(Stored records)
= Beginning of Section =

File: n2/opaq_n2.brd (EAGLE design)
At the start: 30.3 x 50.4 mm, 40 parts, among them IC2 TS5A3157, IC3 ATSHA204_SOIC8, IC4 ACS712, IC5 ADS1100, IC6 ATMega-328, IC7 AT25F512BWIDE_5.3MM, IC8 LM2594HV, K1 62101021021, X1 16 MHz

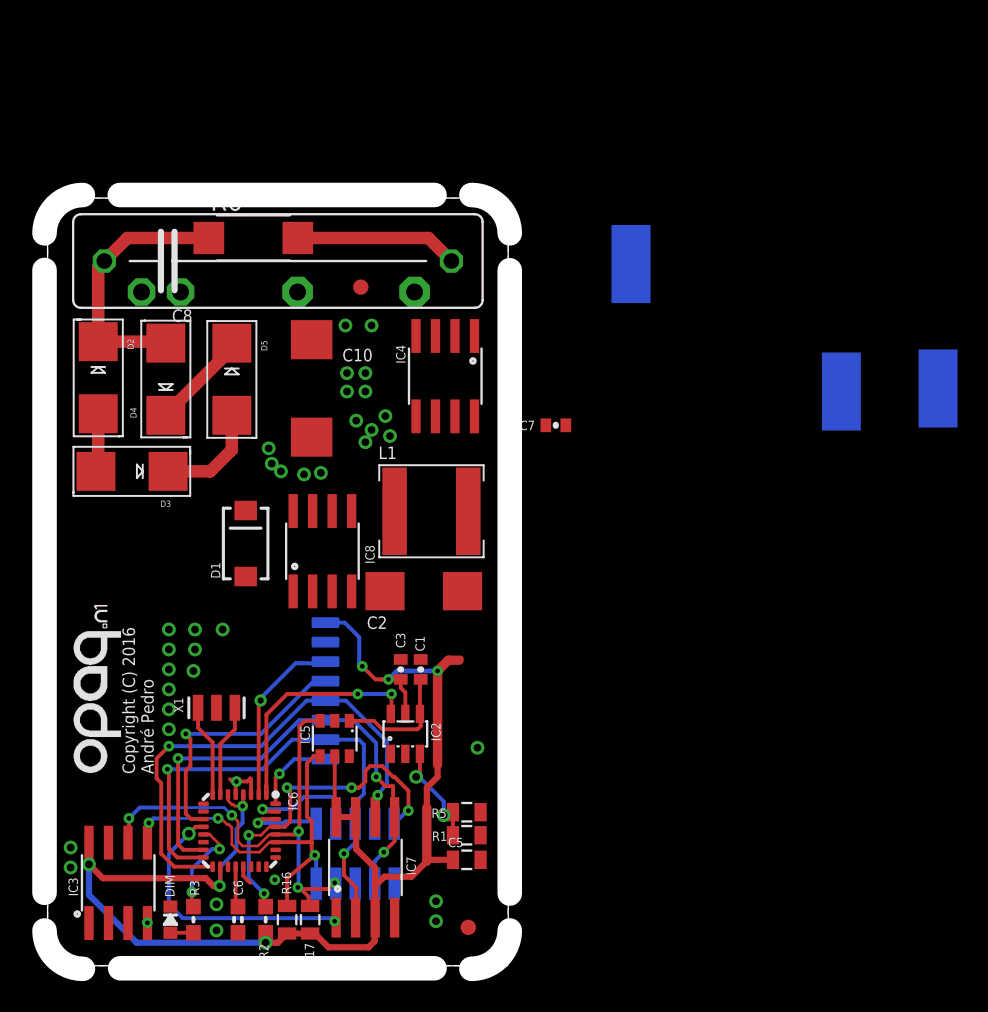
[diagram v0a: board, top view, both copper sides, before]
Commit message: Updated opaq n2 hardware. Isolated power supply has been added.
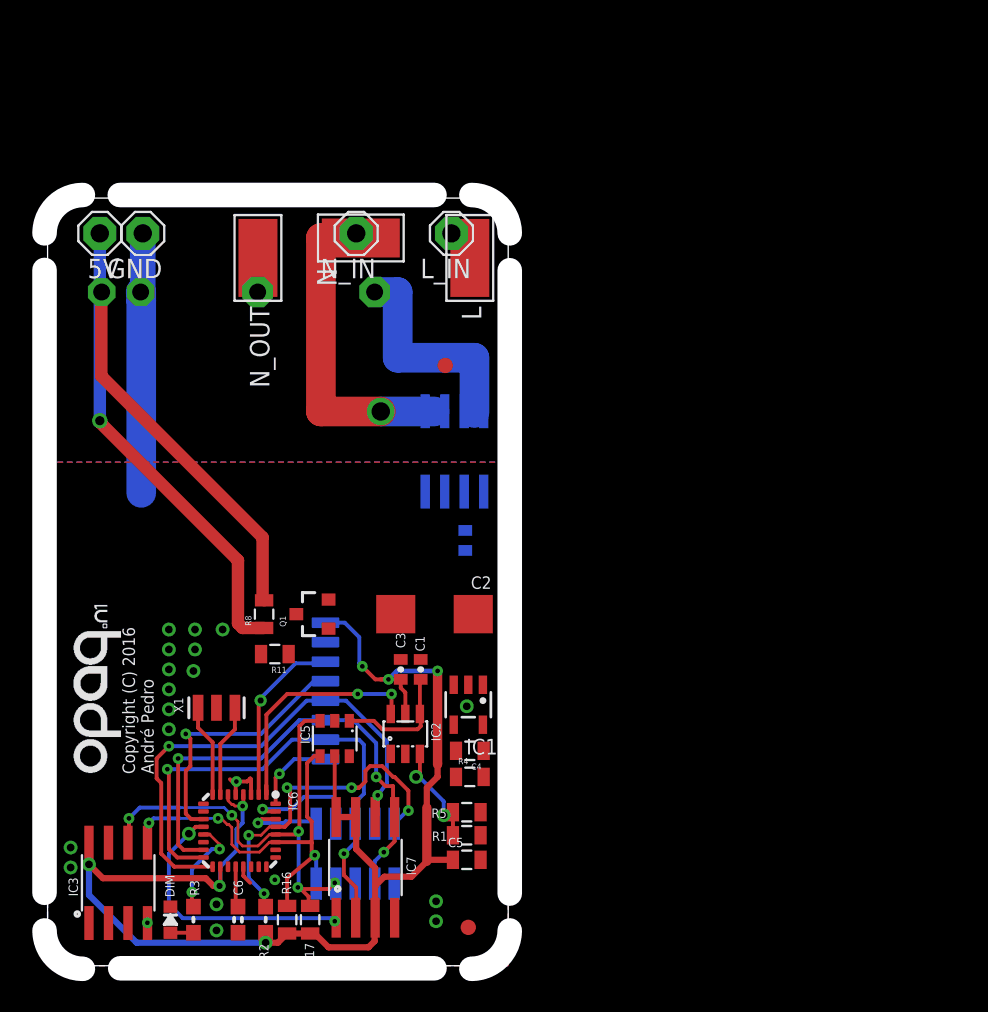
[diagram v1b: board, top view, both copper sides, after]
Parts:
- removed C10: (no value), rcl:D/7343-31R
- removed C8: (no value), resistor:C225-062X268
- removed D1: SS36, SparkFun:SMA-DIODE
- removed D2, D3, D4, D5: (no value), adafruit:SMADIODE
- removed IC8: LM2594HV, apedro_lib:SO08
- removed L1: (no value), apedro_lib:2525
- removed R6: (no value), resistor:R2512W
- removed VPLUS_IN, VPLUS_OUT: WIREPADSMD5-2,5, wirepad:5-2,5
- added 5V, L_IN, N_IN: MCS08, solpad:MCS08
- added C4: 0.1uF, SparkFun-Passives:0805
- added IC1: RT9013-XXXB, v-reg_extra:SOT23-5
- added L, N, N_OUT: WIREPADSMD5-2,5, wirepad:5-2,5
- added Q1: MMBT2222A, SparkFun-DiscreteSemi:SOT23-3
- added R11, R4, R8: (no value), resistor:0805
- GND: value WIREPADSMD5-2,5 -> MCS08; device wirepad:5-2,5 -> solpad:MCS08
- moved GND 46.7 mm to (6.20, 47.7), flipped to the top, turned to 180 degrees
- moved C7 9.54 mm to (27.2, 27.7), flipped to the bottom, turned to 270 degrees
- moved JP2 7.50 mm to (25.9, 39.1)
- moved IC4 4.94 mm to (26.5, 33.5), flipped to the bottom
- moved U$1 2.60 mm to (12.5, 45.4)
- moved C2 1.66 mm to (25.2, 22.9), turned to 0 degrees
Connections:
- removed net GND_IN: GND.1, IC4.3, IC4.4
- removed net LC: C8.1, D2.C, D4.A, R6.1
- removed net N$17: D1.C, IC8.8, L1.P$2
- removed net V+: D4.C, D5.C
- removed net V-: D2.A, D3.A
- new net N$10: IC1.3, R4.2
- new net N_IN: IC4.3, IC4.4, U$1.NO1
- new net N_OUT: N_OUT.1, U$1.NO2
- new net RELAY_C: Q1.3, R8.2, U$1.COIL2
- new net RELAY_SET: Q1.1, R11.2
- net 3.3V: now also C4.1, IC1.5, R11.1; no longer C2.+, IC8.4, L1.P$1
- net GND: now also C4.2, GND.MP, IC1.2, Q1.2, R4.1, U$1.COIL1; no longer C10.-, D1.A, IC4.1, IC4.2, IC8.5, IC8.6
- net L: now also L.1, L_IN.MP; no longer C8.2, R6.2
- net N: now also IC4.1, IC4.2, N.1, N_IN.MP; no longer D3.C, D5.A
- net VCC: now also 5V.MP, C2.+, IC1.1, R8.1
- net VPLUS_IN: no longer C10.+, IC8.7, VPLUS_IN.1, VPLUS_OUT.1
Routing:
- net VCC: track 0.00 -> 31.0 mm, vias 0 -> 1
- net RELAY_C: track 0.00 -> 24.5 mm
- net GND: track 4.45 -> 22.0 mm, vias 36 -> 20
- net LC: track 17.3 -> 0.00 mm
- net N_IN: track 0.00 -> 14.4 mm
- net N: track 6.98 -> 21.3 mm, vias 0 -> 1
- net L: track 10.6 -> 0.00 mm
- net V+: track 6.48 -> 0.00 mm
- net V-: track 3.81 -> 0.00 mm
- net 3.3V: track 91.1 -> 89.2 mm
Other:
- board text added: "Board Version 1.0 17/11/2016"
- board text removed: "Board Version 2.1 28/04/2016"

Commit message: Candidate version of opaq n2 for pcb production.
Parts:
- removed R8: (no value), resistor:0805
- added 7K471: (no value), ptc-ntc:B57164
- added CC: MCS08, solpad:MCS08
- added D1: tvs 5v, SparkFun:SOD-323
- added D2: 1N4148, SparkFun:SOD-323
- added D3: (no value), SparkFun:SMB-DIODE
- added R6, R7: (no value), resistor:0805
- added TRF250-300: (no value), fuse:TE5
- moved N_OUT 10.9 mm to (10.1, 56.4), flipped to the bottom
- moved N 10.7 mm to (14.6, 56.4), flipped to the bottom, turned to 0 degrees
- moved L 10.4 mm to (27.4, 56.5), turned to 0 degrees
- moved JP2 9.47 mm to (21.0, 31.0)
- moved R4 7.57 mm to (25.5, 19.6), turned to 270 degrees
- moved X1 2.38 mm to (11.6, 14.5), turned to 90 degrees
- moved 5V 2.19 mm to (5.40, 48.6)
- moved L_IN 2.19 mm to (28.3, 48.6)
- moved N_IN 2.19 mm to (22.1, 48.6)
- moved GND 2.19 mm to (8.20, 48.6)
- moved U$1 1.90 mm to (12.4, 43.5)
- moved C7 0.95 mm to (28.1, 27.4)
- moved C4 0.60 mm to (27.5, 13.4)
- moved C2 0.30 mm to (25.2, 22.6)
- turned R11 to 0 degrees
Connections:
- removed net DIM1: IC6.9
- removed net L: L.1, L_IN.MP
- removed net RELAY_C: Q1.3, R8.2, U$1.COIL2
- new net CC: CC.MP, IC4.3, IC4.4
- new net CURRENT_VOUT5V: IC4.7, R7.1
- new net LL: L.1, TRF250-300.1
- new net L_SAFE: 7K471.1, L_IN.MP
- new net N$3: 7K471.2, TRF250-300.2
- new net RELAY_GND: D2.2, Q1.3, U$1.COIL1
- net 3.3V: now also K1.8; no longer IC4.8
- net CURRENT_VOUT: now also R6.2, R7.2; no longer IC4.7
- net GND: now also D1.2, D3.A, R6.1; no longer U$1.COIL1
- net N: no longer IC4.1, IC4.2
- net N_IN: now also IC4.1, IC4.2; no longer IC4.3, IC4.4
- net RELAY_SET: now also IC6.9
- net VCC: now also D1.1, D2.1, D3.C, IC4.8, U$1.COIL2; no longer K1.8, R8.1
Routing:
- net VCC: track 31.0 -> 64.6 mm, vias 1 -> 4
- net RELAY_GND: track 0.00 -> 25.8 mm
- net RELAY_C: track 24.5 -> 0.00 mm
- net RELAY_SET: track 0.00 -> 19.4 mm, vias 0 -> 2
- net CURRENT_VOUT: track 0.00 -> 19.2 mm, vias 0 -> 1
- net N_OUT: track 0.00 -> 15.9 mm
- net 3.3V: track 89.2 -> 101.4 mm, vias 7 -> 11
- net GND: track 22.0 -> 32.1 mm, vias 20 -> 27
- net N: track 21.3 -> 13.4 mm, vias 1 -> 0
- net CC: track 0.00 -> 7.76 mm
- net L_SAFE: track 0.00 -> 6.16 mm
- net N_IN: track 14.4 -> 9.50 mm
- net N$3: track 0.00 -> 4.60 mm
- net LL: track 0.00 -> 3.89 mm
- net N$1: track 6.04 -> 2.29 mm
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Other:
- board size 30.3 x 50.4 mm -> 30.3 x 60.3 mm

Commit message: Opaq n2 hardware version r1.
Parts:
- moved JP2 18.1 mm to (3.00, 29.0)
- renumbered CC to RLYIN, N_OUT to RLYOUT
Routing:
- net CC: track 7.76 -> 6.58 mm
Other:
- board size 30.3 x 60.3 mm -> 30.4 x 60.3 mm

= End of Section =

Required action:
Only a number is wanted here: the count of lines in the data that contain the string "text".

Answer space:
2